Dos batallones de la Guardia Real escogidos, distinguidos y apreciados, cuando en el pleno
goce de su prerrogativa se hallaban, cuando el más sublime acto
de su nombre y profesión ejercían, es decir, cuando a ellos solos
se había confiado la guarda de SS.MM. en un sitio que con propiedad
pudiera llamarse un despoblado, convertidos de repente en infames
traidores ó viles verdugos, atropellando y pisando los más sagrados
deberes y respetos… acaban de trastornar el estado y sumir a la patria en el caos acaso para siglos.
La simple relación de los hechos, y no todos porque no es posible, dará sin necesidad de reflexiones
una aproximada idea de lo que acabamos de indicar.
Tranquilamente seguían SS.MM. su jornada y permanencia en el real sitio de
S. Ildefonso, ó sin otros temores al menos que los que
daba algunos momentos la próxima facción de Basilio sobre cuyos
movimientos se dirigía todo nuestro cuidado, cuando de repente
sin noticia ni precedente alguno, y con la mas asombrosa sorpresa a las ocho y media de la noche del día 12 del citado mes de agosto
se empezaron a oír en el cuartel de granaderos
provinciales de la Guardia y sus inmediaciones grandes y descompuestas
voces de vivas a la Constitución y a la libertad.
Apenas oídos los primeros gritos en lo interior de la población y Real sitio, todos nos dirigimos al
punto de donde partían y vimos con el mayor asombro que, agolpándose con la mayor descompostura y furor gran porción de aquellos
soldados á las puertas llamadas de Segovia por la parte de afuera, donde estaba
el cuartel, pugnaban armados por quebrantarlas ó que se les
abriesen para entrar en la población y llegar hasta palacio.

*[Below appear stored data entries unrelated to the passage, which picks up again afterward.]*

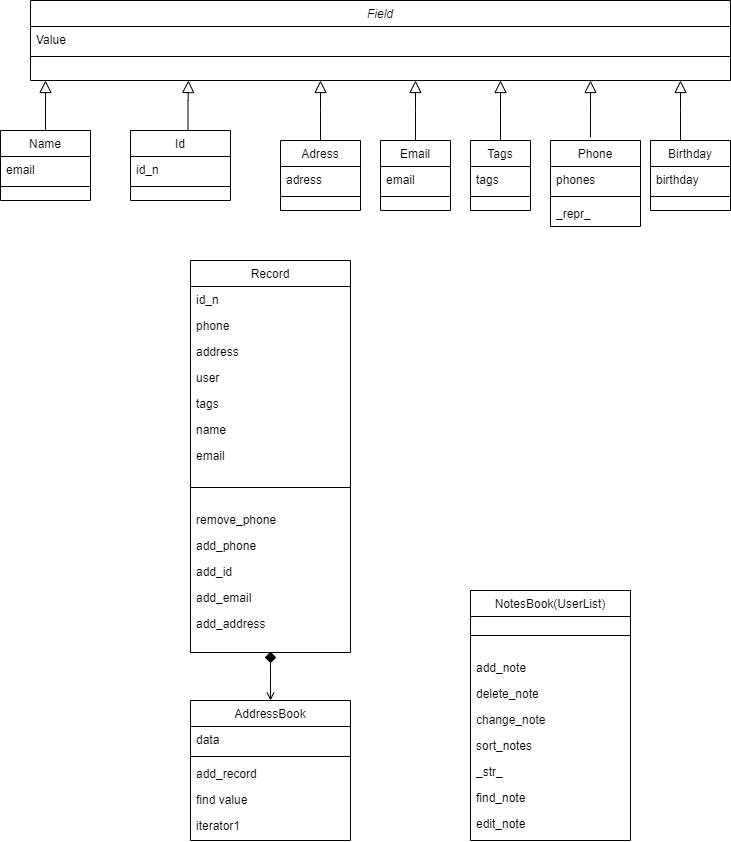

The diagram above was exported from draw.io. Its source (the exported page's mxGraphModel, read from the mxfile embedded in the PNG):
<mxGraphModel dx="1278" dy="579" grid="1" gridSize="10" guides="1" tooltips="1" connect="1" arrows="1" fold="1" page="1" pageScale="1" pageWidth="827" pageHeight="1169" math="0" shadow="0">
  <root>
    <mxCell id="WIyWlLk6GJQsqaUBKTNV-0" />
    <mxCell id="WIyWlLk6GJQsqaUBKTNV-1" parent="WIyWlLk6GJQsqaUBKTNV-0" />
    <mxCell id="zkfFHV4jXpPFQw0GAbJ--0" value="Field" style="swimlane;fontStyle=2;align=center;verticalAlign=top;childLayout=stackLayout;horizontal=1;startSize=26;horizontalStack=0;resizeParent=1;resizeLast=0;collapsible=1;marginBottom=0;rounded=0;shadow=0;strokeWidth=1;" parent="WIyWlLk6GJQsqaUBKTNV-1" vertex="1">
      <mxGeometry x="80" y="220" width="700" height="80" as="geometry">
        <mxRectangle x="230" y="140" width="160" height="26" as="alternateBounds" />
      </mxGeometry>
    </mxCell>
    <mxCell id="zkfFHV4jXpPFQw0GAbJ--1" value="Value" style="text;align=left;verticalAlign=top;spacingLeft=4;spacingRight=4;overflow=hidden;rotatable=0;points=[[0,0.5],[1,0.5]];portConstraint=eastwest;" parent="zkfFHV4jXpPFQw0GAbJ--0" vertex="1">
      <mxGeometry y="26" width="700" height="26" as="geometry" />
    </mxCell>
    <mxCell id="zkfFHV4jXpPFQw0GAbJ--4" value="" style="line;html=1;strokeWidth=1;align=left;verticalAlign=middle;spacingTop=-1;spacingLeft=3;spacingRight=3;rotatable=0;labelPosition=right;points=[];portConstraint=eastwest;" parent="zkfFHV4jXpPFQw0GAbJ--0" vertex="1">
      <mxGeometry y="52" width="700" height="8" as="geometry" />
    </mxCell>
    <mxCell id="zkfFHV4jXpPFQw0GAbJ--6" value="Record" style="swimlane;fontStyle=0;align=center;verticalAlign=top;childLayout=stackLayout;horizontal=1;startSize=26;horizontalStack=0;resizeParent=1;resizeLast=0;collapsible=1;marginBottom=0;rounded=0;shadow=0;strokeWidth=1;" parent="WIyWlLk6GJQsqaUBKTNV-1" vertex="1">
      <mxGeometry x="240" y="480" width="160" height="392" as="geometry">
        <mxRectangle x="130" y="380" width="160" height="26" as="alternateBounds" />
      </mxGeometry>
    </mxCell>
    <mxCell id="zkfFHV4jXpPFQw0GAbJ--7" value="id_n" style="text;align=left;verticalAlign=top;spacingLeft=4;spacingRight=4;overflow=hidden;rotatable=0;points=[[0,0.5],[1,0.5]];portConstraint=eastwest;" parent="zkfFHV4jXpPFQw0GAbJ--6" vertex="1">
      <mxGeometry y="26" width="160" height="26" as="geometry" />
    </mxCell>
    <mxCell id="zkfFHV4jXpPFQw0GAbJ--8" value="phone" style="text;align=left;verticalAlign=top;spacingLeft=4;spacingRight=4;overflow=hidden;rotatable=0;points=[[0,0.5],[1,0.5]];portConstraint=eastwest;rounded=0;shadow=0;html=0;" parent="zkfFHV4jXpPFQw0GAbJ--6" vertex="1">
      <mxGeometry y="52" width="160" height="26" as="geometry" />
    </mxCell>
    <mxCell id="g95O5BEkxtkrY_m1C_9l-19" value="address" style="text;align=left;verticalAlign=top;spacingLeft=4;spacingRight=4;overflow=hidden;rotatable=0;points=[[0,0.5],[1,0.5]];portConstraint=eastwest;rounded=0;shadow=0;html=0;" parent="zkfFHV4jXpPFQw0GAbJ--6" vertex="1">
      <mxGeometry y="78" width="160" height="26" as="geometry" />
    </mxCell>
    <mxCell id="g95O5BEkxtkrY_m1C_9l-23" value="user" style="text;align=left;verticalAlign=top;spacingLeft=4;spacingRight=4;overflow=hidden;rotatable=0;points=[[0,0.5],[1,0.5]];portConstraint=eastwest;rounded=0;shadow=0;html=0;" parent="zkfFHV4jXpPFQw0GAbJ--6" vertex="1">
      <mxGeometry y="104" width="160" height="26" as="geometry" />
    </mxCell>
    <mxCell id="g95O5BEkxtkrY_m1C_9l-21" value="tags" style="text;align=left;verticalAlign=top;spacingLeft=4;spacingRight=4;overflow=hidden;rotatable=0;points=[[0,0.5],[1,0.5]];portConstraint=eastwest;rounded=0;shadow=0;html=0;" parent="zkfFHV4jXpPFQw0GAbJ--6" vertex="1">
      <mxGeometry y="130" width="160" height="26" as="geometry" />
    </mxCell>
    <mxCell id="g95O5BEkxtkrY_m1C_9l-20" value="name" style="text;align=left;verticalAlign=top;spacingLeft=4;spacingRight=4;overflow=hidden;rotatable=0;points=[[0,0.5],[1,0.5]];portConstraint=eastwest;rounded=0;shadow=0;html=0;" parent="zkfFHV4jXpPFQw0GAbJ--6" vertex="1">
      <mxGeometry y="156" width="160" height="26" as="geometry" />
    </mxCell>
    <mxCell id="g95O5BEkxtkrY_m1C_9l-22" value="email" style="text;align=left;verticalAlign=top;spacingLeft=4;spacingRight=4;overflow=hidden;rotatable=0;points=[[0,0.5],[1,0.5]];portConstraint=eastwest;rounded=0;shadow=0;html=0;" parent="zkfFHV4jXpPFQw0GAbJ--6" vertex="1">
      <mxGeometry y="182" width="160" height="26" as="geometry" />
    </mxCell>
    <mxCell id="zkfFHV4jXpPFQw0GAbJ--9" value="" style="line;html=1;strokeWidth=1;align=left;verticalAlign=middle;spacingTop=-1;spacingLeft=3;spacingRight=3;rotatable=0;labelPosition=right;points=[];portConstraint=eastwest;" parent="zkfFHV4jXpPFQw0GAbJ--6" vertex="1">
      <mxGeometry y="208" width="160" height="38" as="geometry" />
    </mxCell>
    <mxCell id="g95O5BEkxtkrY_m1C_9l-28" value="remove_phone" style="text;align=left;verticalAlign=top;spacingLeft=4;spacingRight=4;overflow=hidden;rotatable=0;points=[[0,0.5],[1,0.5]];portConstraint=eastwest;rounded=0;shadow=0;html=0;" parent="zkfFHV4jXpPFQw0GAbJ--6" vertex="1">
      <mxGeometry y="246" width="160" height="26" as="geometry" />
    </mxCell>
    <mxCell id="g95O5BEkxtkrY_m1C_9l-27" value="add_phone" style="text;align=left;verticalAlign=top;spacingLeft=4;spacingRight=4;overflow=hidden;rotatable=0;points=[[0,0.5],[1,0.5]];portConstraint=eastwest;rounded=0;shadow=0;html=0;" parent="zkfFHV4jXpPFQw0GAbJ--6" vertex="1">
      <mxGeometry y="272" width="160" height="26" as="geometry" />
    </mxCell>
    <mxCell id="g95O5BEkxtkrY_m1C_9l-26" value="add_id" style="text;align=left;verticalAlign=top;spacingLeft=4;spacingRight=4;overflow=hidden;rotatable=0;points=[[0,0.5],[1,0.5]];portConstraint=eastwest;rounded=0;shadow=0;html=0;" parent="zkfFHV4jXpPFQw0GAbJ--6" vertex="1">
      <mxGeometry y="298" width="160" height="26" as="geometry" />
    </mxCell>
    <mxCell id="g95O5BEkxtkrY_m1C_9l-25" value="add_email" style="text;align=left;verticalAlign=top;spacingLeft=4;spacingRight=4;overflow=hidden;rotatable=0;points=[[0,0.5],[1,0.5]];portConstraint=eastwest;rounded=0;shadow=0;html=0;" parent="zkfFHV4jXpPFQw0GAbJ--6" vertex="1">
      <mxGeometry y="324" width="160" height="26" as="geometry" />
    </mxCell>
    <mxCell id="g95O5BEkxtkrY_m1C_9l-24" value="add_address" style="text;align=left;verticalAlign=top;spacingLeft=4;spacingRight=4;overflow=hidden;rotatable=0;points=[[0,0.5],[1,0.5]];portConstraint=eastwest;rounded=0;shadow=0;html=0;" parent="zkfFHV4jXpPFQw0GAbJ--6" vertex="1">
      <mxGeometry y="350" width="160" height="26" as="geometry" />
    </mxCell>
    <mxCell id="zkfFHV4jXpPFQw0GAbJ--13" value="Adress" style="swimlane;fontStyle=0;align=center;verticalAlign=top;childLayout=stackLayout;horizontal=1;startSize=26;horizontalStack=0;resizeParent=1;resizeLast=0;collapsible=1;marginBottom=0;rounded=0;shadow=0;strokeWidth=1;" parent="WIyWlLk6GJQsqaUBKTNV-1" vertex="1">
      <mxGeometry x="330" y="360" width="80" height="70" as="geometry">
        <mxRectangle x="340" y="380" width="170" height="26" as="alternateBounds" />
      </mxGeometry>
    </mxCell>
    <mxCell id="zkfFHV4jXpPFQw0GAbJ--14" value="adress" style="text;align=left;verticalAlign=top;spacingLeft=4;spacingRight=4;overflow=hidden;rotatable=0;points=[[0,0.5],[1,0.5]];portConstraint=eastwest;" parent="zkfFHV4jXpPFQw0GAbJ--13" vertex="1">
      <mxGeometry y="26" width="80" height="26" as="geometry" />
    </mxCell>
    <mxCell id="zkfFHV4jXpPFQw0GAbJ--15" value="" style="line;html=1;strokeWidth=1;align=left;verticalAlign=middle;spacingTop=-1;spacingLeft=3;spacingRight=3;rotatable=0;labelPosition=right;points=[];portConstraint=eastwest;" parent="zkfFHV4jXpPFQw0GAbJ--13" vertex="1">
      <mxGeometry y="52" width="80" height="8" as="geometry" />
    </mxCell>
    <mxCell id="zkfFHV4jXpPFQw0GAbJ--16" value="" style="endArrow=block;endSize=10;endFill=0;shadow=0;strokeWidth=1;rounded=0;edgeStyle=elbowEdgeStyle;elbow=vertical;" parent="WIyWlLk6GJQsqaUBKTNV-1" source="zkfFHV4jXpPFQw0GAbJ--13" target="zkfFHV4jXpPFQw0GAbJ--0" edge="1">
      <mxGeometry width="160" relative="1" as="geometry">
        <mxPoint x="210" y="373" as="sourcePoint" />
        <mxPoint x="310" y="271" as="targetPoint" />
        <Array as="points">
          <mxPoint x="370" y="330" />
        </Array>
      </mxGeometry>
    </mxCell>
    <mxCell id="zkfFHV4jXpPFQw0GAbJ--17" value="AddressBook" style="swimlane;fontStyle=0;align=center;verticalAlign=top;childLayout=stackLayout;horizontal=1;startSize=26;horizontalStack=0;resizeParent=1;resizeLast=0;collapsible=1;marginBottom=0;rounded=0;shadow=0;strokeWidth=1;" parent="WIyWlLk6GJQsqaUBKTNV-1" vertex="1">
      <mxGeometry x="240" y="920" width="160" height="140" as="geometry">
        <mxRectangle x="550" y="140" width="160" height="26" as="alternateBounds" />
      </mxGeometry>
    </mxCell>
    <mxCell id="zkfFHV4jXpPFQw0GAbJ--18" value="data" style="text;align=left;verticalAlign=top;spacingLeft=4;spacingRight=4;overflow=hidden;rotatable=0;points=[[0,0.5],[1,0.5]];portConstraint=eastwest;" parent="zkfFHV4jXpPFQw0GAbJ--17" vertex="1">
      <mxGeometry y="26" width="160" height="26" as="geometry" />
    </mxCell>
    <mxCell id="zkfFHV4jXpPFQw0GAbJ--23" value="" style="line;html=1;strokeWidth=1;align=left;verticalAlign=middle;spacingTop=-1;spacingLeft=3;spacingRight=3;rotatable=0;labelPosition=right;points=[];portConstraint=eastwest;" parent="zkfFHV4jXpPFQw0GAbJ--17" vertex="1">
      <mxGeometry y="52" width="160" height="8" as="geometry" />
    </mxCell>
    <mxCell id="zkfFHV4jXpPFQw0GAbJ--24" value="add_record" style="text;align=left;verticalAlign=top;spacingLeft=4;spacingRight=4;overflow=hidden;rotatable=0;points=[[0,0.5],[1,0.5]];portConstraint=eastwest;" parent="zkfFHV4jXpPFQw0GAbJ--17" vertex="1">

Sea dicho de paso y en obsequio de la verdad que preside a esta ligera reseña de los sucesos de aquellos días
que sobre la falta de previsión de los
oficiales y jefes de los
batallones sublevados, y ninguna noticia que dijeron tener de aquellas
ocurrencias, cometieron también el fatal y punible descuido de no acudir con la
prontitud que el caso exigía, a contener y ahogar por la persuasión o por la
fuerza la rebelión que empezaba en aquellos mismos momentos; si de pronto y con
la rapidez necesaria hubieran acudido, tal vez en su origen se habría cortado
la hidra que nacía en aquel momento para devorar el trono augusto, la justa
libertad.
No sucedió así por desgracia, siendo el resultado que lo
que a las ocho de la noche era, por decirlo así, una chispa, a las nueve y
media era ya un horroroso volcán imposible de apagar.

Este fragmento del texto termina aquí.